Read More: How can I identify my audience and segment them to different market groups?

Market segment types for B2C audiences

There are literally hundreds of variables you can apply to break down your customer base. Most companies can’t rely just on one type of customer to keep them in business. Here are some general consumer demographics you can use for targeting your audience and potential customers.

Geographic

  • Region – by continent, country, state, or even neighborhood
  • Size of metropolitan area – segmented according to size of population
  • Population density – Often classified as urban, suburban, or rural
  • Climate – According to weather patterns common to certain geographic regions.

Demographic

  • Age – can be segmented into two or more groups.
  • Gender
  • Income Level – usually segmented into 3 or more based on yearly gross income.
  • Family size – can be segmented into number of children/ pets/ immediate family living situation.
  • Family lifecycle – single, married, etc.
  • Generation: baby-boomers, Gen X, Gen Y, Millennials
  • Occupation  – can be segmented into industry categories or different levels in a specific occupation
  • Education Level
  • Ethnicity
  • Nationality

Psychographic

  • Shared Activities – Usually segmented into shared clubs, groups, partnerships, sports, etc.
  • Common Interests – Usually segmented into types of books, movies, music, people, etc.
  • Shared known Opinions – Political views, religious views
  • Attitudes – Based on behavioral analysis for buy frequencies
  • Values

Behavioristic

  • Benefits sought
  • Usage rate
  • Brand loyalty
  • User status – Segmented into potential, first-time, regular users, etc.
  • Readiness to buy
  • Occasions –Holidays and events that stimulate purchases like birthdays or office parties, etc.

Market segment examples for B2B audiences

Businesses have much different purchasing practices than customers.

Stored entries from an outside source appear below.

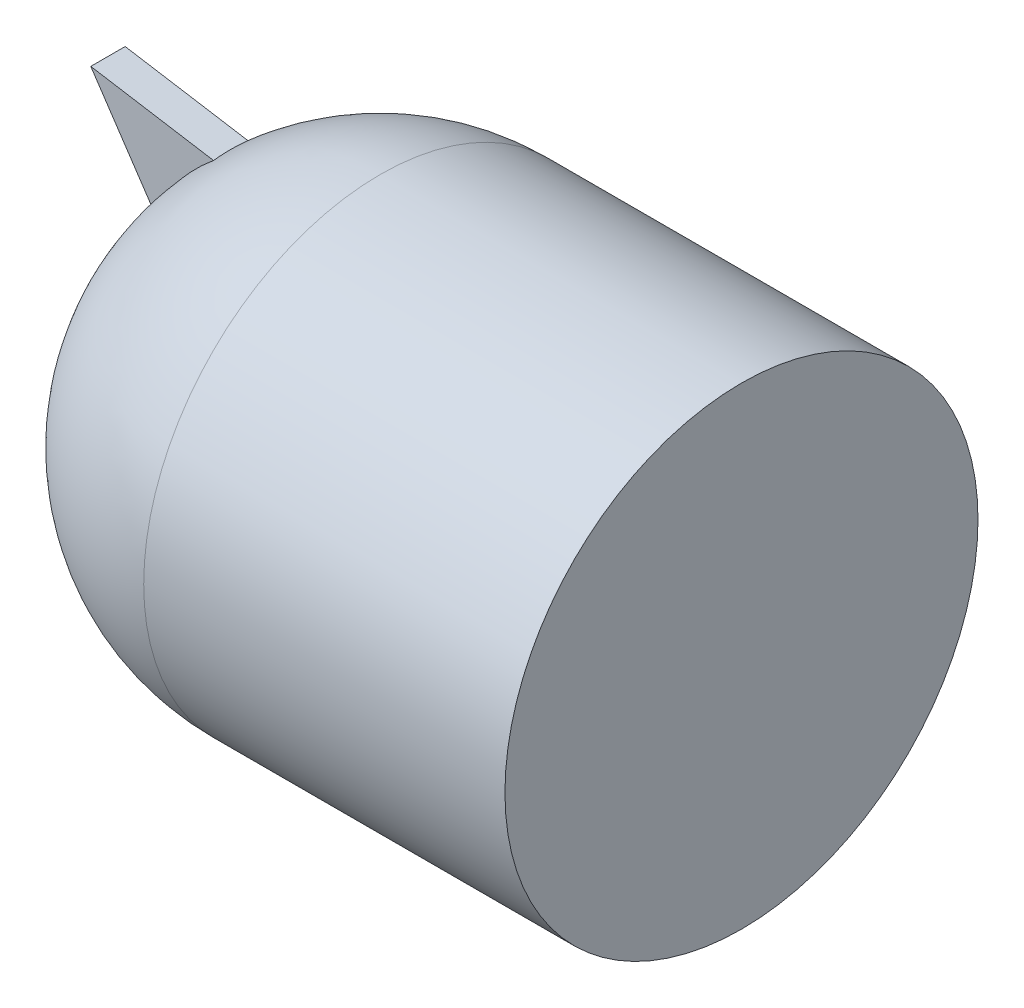
from build123d import *

# Parameters (mm, degrees)
EXTRUDE_1_DEPTH      = 10
EXTRUDE_1_DEPTH_BACK = 10


with BuildPart() as part:
    # ｽｹｯﾁ2 → 回転-薄板1 (revolve)
    with BuildSketch(Plane.XY):
        with BuildLine():
            ThreePointArc((-327.5, 0), (-290.156114601, 90.156114601), (-200, 127.5))
            Line((-200, 127.5), (0, 127.5))
            Line((0, 127.5), (0, 0))
            Line((0, 0), (10, 0))
            Line((10, 0), (10, 137.5))
            Line((10, 137.5), (-200, 137.5))
            ThreePointArc((-200, 137.5), (-297.227182413, 97.227182413), (-337.5, 0))
            Line((-337.5, 0), (-327.5, 0))
        make_face()
    revolve(axis=Axis((0, 0, 0), (-1, 0, 0)))

    # ｽｹｯﾁ3 → ﾎﾞｽ - 押し出し1 (add, two sides: drawn at the far end of the back side and taken through both)
    with BuildSketch(Plane.XY.offset(-EXTRUDE_1_DEPTH_BACK)):
        Polygon((-302.60266968, 34.89733032), (-358.272990838, 117.779688618), (-239.232172231, 98.267827769), align=None)
        Polygon((-358.272990838, -117.779688618), (-239.232172231, -98.267827769), (-302.60266968, -34.89733032), align=None)
    extrude(amount=EXTRUDE_1_DEPTH + EXTRUDE_1_DEPTH_BACK)


solid = part.part
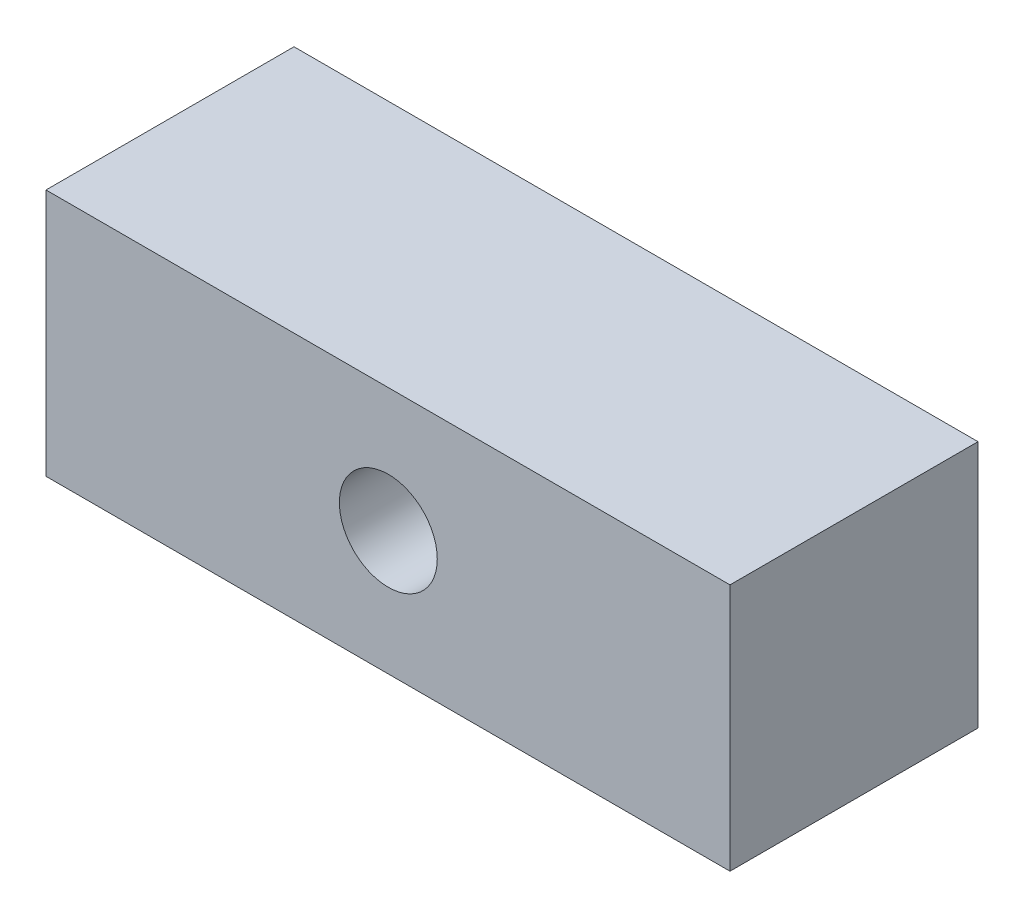
from build123d import *

# Parameters (mm, degrees)
SKETCH1_W           = 104.8
SKETCH1_H           = 38
SKETCH1_R           = 7.5
BOSS_EXTRUDE1_DEPTH = 38


with BuildPart() as part:
    # Sketch1 → Boss-Extrude1 (new body)
    with BuildSketch(Plane.XY):
        with Locations((52.4, 19)):
            Rectangle(SKETCH1_W, SKETCH1_H)
        with Locations((52.45, 19)):
            Circle(SKETCH1_R, mode=Mode.SUBTRACT)
    extrude(amount=BOSS_EXTRUDE1_DEPTH)


solid = part.part
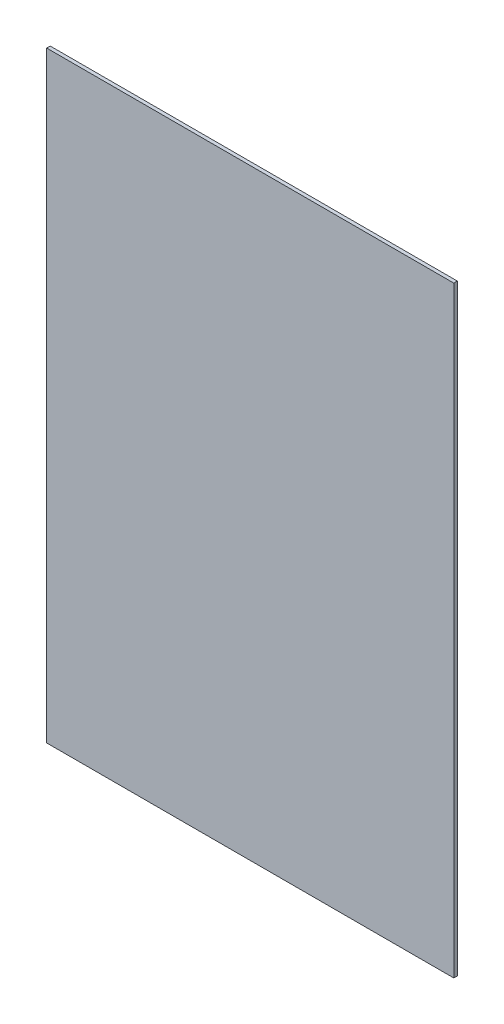
from build123d import *

# Parameters (mm, degrees)
SKETCH2_W           = 230
SKETCH2_H           = 340
BOSS_EXTRUDE1_DEPTH = 2


with BuildPart() as part:
    # Sketch2 → Boss-Extrude1 (new body)
    with BuildSketch(Plane.XY):
        Rectangle(SKETCH2_W, SKETCH2_H)
    extrude(amount=BOSS_EXTRUDE1_DEPTH)


solid = part.part

They tend to purchase in larger quantities, they evaluate their needs in more detail, and have multiple working parts when it comes to purchasing. Businesses are always changing, and their needs vary with each customer they cater to. Here are some general business demographics you can use for targeting your audience and potential businesses:

Location

  • Proximity to other business
  • Distance to common shipping hubs
  • Purchase order history

Company type

  • Company Size
  • Industry
  • Decision Making Structure
  • Purchase Structure

Behavioral characteristics

  • Usage rate
  • Buying status: potential, first-time, regular, etc.
  • Purchase procedure: sealed bids, negotiations, etc.

It’s important to remember that your market segments are different enough to warrant a different approach, but similar so they fall under the same promotion.